米国水族館の「シャチのショー廃止」を日本企業が注目すべき理由:世界を読み解くニュース・サロン(4/5 ページ)
米国の海洋テーマパーク「シーワールド」が話題になっている。今後シャチのショーを廃止し、繁殖も終了するということだが、この動きの背景に何があったのか。また、日本への影響はないのか。
対岸の火事ではない
実はハリウッドに限らず、動物愛護の風潮には国家もからむようになっている。
海洋動物で言えば、ブラジルやニカラグア、ルクセンブルグ、ノルウェーでは、規制強化によって事実上、海洋哺乳類を飼育することはできなくなっているという。チリやコスタリカ、クロアチアでは海洋哺乳類の保有を禁じ、インドもエンターテインメント目的で捕獲したイルカの保有を禁じている。

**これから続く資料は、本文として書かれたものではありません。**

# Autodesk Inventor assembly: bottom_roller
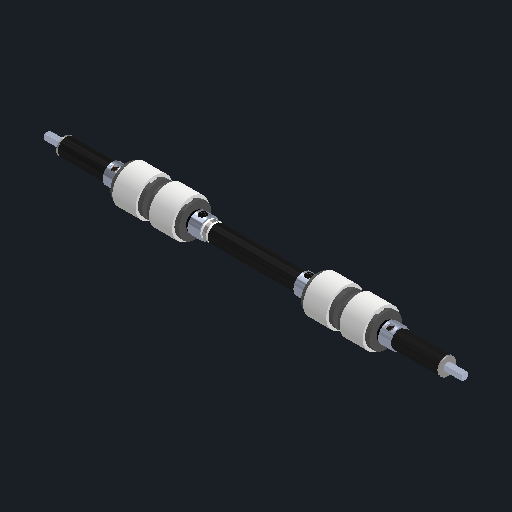
[picture p0: Inventor's stored thumbnail of the model, 512x512]
Saved by Autodesk Inventor 2025 (Build 290162000, 162)
## iProperties
Created: 2024-08-18
Part Number: bottom_roller
Document SubType Name: Assembly
Designer: averey
Author: averey
## Documents named in this file (17)
- D:\vex_robotics_high_stakes\hardware\cad\bots\ENIGMA\intake\first_stage\bottom_roller.iam
- D:\vex_robotics_high_stakes\hardware\cad\_quick_assemblies\0.8125_flex_wheel_w_versahex.iam
- D:\vex_robotics_high_stakes\hardware\cad\VEX-CAD-Inventor\Motion\Shaft LS\Shaft Collar ipts\Shaft Collar Set Screw.ipt
- D:\vex_robotics_high_stakes\hardware\cad\VEX-CAD-Inventor\Motion\Spacers\Spacer Nylon .375 OD\NSpacer .375 OD x .500.ipt
- C:\Users\avere\vex_robotics_high_stakes\hardware\cad\VEX-CAD-Inventor\Motion\Spacers\Spacer Nylon .375 OD.ipt
- D:\vex_robotics_high_stakes\hardware\cad\VEX-CAD-Inventor\Motion\Spacers\Spacer Nylon .375 OD\NSpacer .375 OD x .375.ipt
- D:\vex_robotics_high_stakes\hardware\cad\VEX-CAD-Inventor\Motion\Spacers\Washer Teflon\TWasher .375 OD x .04000.ipt
- C:\Users\avere\vex_robotics_high_stakes\hardware\cad\VEX-CAD-Inventor\Motion\Spacers\Washer Teflon.ipt
- D:\vex_robotics_high_stakes\hardware\cad\VEX-CAD-Inventor\Motion\Spacers\Washer Steel\SWasher .375 OD x .015625.ipt
- C:\Users\avere\vex_robotics_high_stakes\hardware\cad\VEX-CAD-Inventor\Motion\Spacers\Washer Steel.ipt
- D:\vex_robotics_high_stakes\hardware\cad\VEX-CAD-Inventor\Motion\Spacers\Spacer Nylon .375 OD\NSpacer .375 OD x .250.ipt
- D:\vex_robotics_high_stakes\hardware\cad\VEX-CAD-Inventor\Motion\Spacers\Washer Steel\SWasher .375 OD x .031250.ipt
- D:\vex_robotics_high_stakes\hardware\cad\VEX-CAD-Inventor\Motion\Spacers\Washer Steel\SWasher .375 OD x .062500.ipt
- C:\Users\avere\vex_robotics_high_stakes\hardware\cad\VEX-CAD-Inventor\Motion\Shaft LS\Shaft LS.ipt
- D:\vex_robotics_high_stakes\hardware\cad\VEX-CAD-Inventor\Motion\Shaft LS\Shaft LS\Shaft LS 8.0.ipt
- D:\vex_robotics_high_stakes\hardware\cad\VEX-CAD-Inventor\Motion\Shaft LS\Shaft LS\Shaft LS 9.0.ipt
- D:\vex_robotics_high_stakes\hardware\cad\VEX-CAD-Inventor\Motion\Shaft LS\Shaft Collar ipts\Shaft Collar No Screw.ipt
## Components (26 placed, 12 different names)
1. 0.8125_flex_wheel_w_versahex:1 [sub-assembly] — Insert:17, Insert:27
2. 0.8125_flex_wheel_w_versahex:2 [sub-assembly]
3. 0.8125_flex_wheel_w_versahex:3 [sub-assembly]
4. 0.8125_flex_wheel_w_versahex:4 [sub-assembly] — Insert:14, Insert:28
5. Shaft Collar Set Screw:1
6. Shaft Collar Set Screw:2 — Insert:20
7. NSpacer .375 OD x .500:1
8. NSpacer .375 OD x .500:2
9. NSpacer .375 OD x .500:3
10. NSpacer .375 OD x .375:4
11. TWasher .375 OD x .04000:1
12. SWasher .375 OD x .015625:1 — Insert:19
13. NSpacer .375 OD x .250:5 — Insert:13, Insert:14
14. NSpacer .375 OD x .500:6 — Insert:13, Insert:25
15. SWasher .375 OD x .031250:2 — Insert:26
16. NSpacer .375 OD x .250:7 — Insert:17
17. NSpacer .375 OD x .500:8 — Insert:23
18. SWasher .375 OD x .031250:3 — Insert:24
19. SWasher .375 OD x .062500:4 — Insert:19
20. TWasher .375 OD x .04000:2 — Insert:20
21. Shaft LS 8.0:1 — Insert:22
22. Shaft LS 9.0:2 — Insert:22
23. NSpacer .375 OD x .500:9 — Insert:23, Insert:24
24. NSpacer .375 OD x .500:10 — Insert:25, Insert:26
25. Shaft Collar No Screw:1 — Insert:27
26. Shaft Collar No Screw:2 — Insert:28
## Relationships (25: Insert 24, Mate 1)
- [Insert]: 0.8125_flex_wheel_w_versahex:1 ↔ 0.8125_flex_wheel_w_versahex:2
- [Mate]: 0.8125_flex_wheel_w_versahex:2 ↔ 0.8125_flex_wheel_w_versahex:3
- [Insert]: 0.8125_flex_wheel_w_versahex:3 ↔ 0.8125_flex_wheel_w_versahex:4
- [Insert]: TWasher .375 OD x .04000:1 ↔ SWasher .375 OD x .015625:1
- [Insert]: NSpacer .375 OD x .500:2 ↔ TWasher .375 OD x .04000:1
- [Insert]: NSpacer .375 OD x .500:1 ↔ NSpacer .375 OD x .375:4
- [Insert]: NSpacer .375 OD x .500:1 ↔ NSpacer .375 OD x .500:3
- [Insert]: NSpacer .375 OD x .500:2 ↔ NSpacer .375 OD x .500:3
- [Insert]: 0.8125_flex_wheel_w_versahex:2 ↔ Shaft Collar Set Screw:2
- [Insert]: Shaft Collar Set Screw:1 ↔ NSpacer .375 OD x .375:4
- [Insert] (0.0424 mm): 0.8125_flex_wheel_w_versahex:3 ↔ Shaft Collar Set Screw:1
- Insert:13: NSpacer .375 OD x .250:5 ↔ NSpacer .375 OD x .500:6
- Insert:14: 0.8125_flex_wheel_w_versahex:4 ↔ NSpacer .375 OD x .250:5
- [Insert]: NSpacer .375 OD x .250:7 ↔ NSpacer .375 OD x .500:8
- Insert:17: 0.8125_flex_wheel_w_versahex:1 ↔ NSpacer .375 OD x .250:7
- [Insert]: SWasher .375 OD x .062500:4 ↔ TWasher .375 OD x .04000:2
- Insert:19: SWasher .375 OD x .015625:1 ↔ SWasher .375 OD x .062500:4
- Insert:20: Shaft Collar Set Screw:2 ↔ TWasher .375 OD x .04000:2
- Insert:22 (-12.7 mm): Shaft LS 8.0:1 ↔ Shaft LS 9.0:2
- Insert:23: NSpacer .375 OD x .500:8 ↔ NSpacer .375 OD x .500:9
- Insert:24: SWasher .375 OD x .031250:3 ↔ NSpacer .375 OD x .500:9
- Insert:25: NSpacer .375 OD x .500:6 ↔ NSpacer .375 OD x .500:10
- Insert:26: SWasher .375 OD x .031250:2 ↔ NSpacer .375 OD x .500:10
- Insert:27 (0.0794 mm): 0.8125_flex_wheel_w_versahex:1 ↔ Shaft Collar No Screw:1
- Insert:28 (0.0794 mm): 0.8125_flex_wheel_w_versahex:4 ↔ Shaft Collar No Screw:2
## Named parameters: d0_d9 = 0 mm, d1_d10 = 0 mm, d17_d14 = 0 mm

また海洋動物以外でも、メキシコではサーカスで動物を使うことが禁じられているし、スペインで闘牛が禁じられたのはよく知られている。さらにインド、イスラエル、ノルウェー、ニュージーランドは動物実験で作られたコスメ商品の輸入を禁じている。もちろんこうした規制の背景には動物愛護団体の活動がある。
こう見ると、この流れがもはや日本にとっても対岸の火事では済まなくなるだろうと想像できる。もっとも、実際にはすでに日本企業にも波及している。最近で言うと、キッコーマンの米国本社は2015年、動物愛護団体から1カ月にわたって、多数の電子メール送付やSNSキャンペーン、またオンライン署名が続けられたことで、動物を使った健康効果テストの中止に追い込まれた。また日本航空(JAL)も、動物愛護団体による再三の申し入れによって、実験用サルの輸送中止を発表している。
日本は、イルカ漁を批判的に描写したドキュメンタリー映画『ザ・コーヴ』で動物愛護団体からの執拗な批判活動を経験済みである。しかし日本でもシャチのショーは行なわれており、欧米の動物愛護団体から今後どんな反応が来るのかも気になるところだ(世界でシャチを飼育している国は、日本、カナダ、米国、アルゼンチン、スペイン、フランス、ロシア、中国だけ)。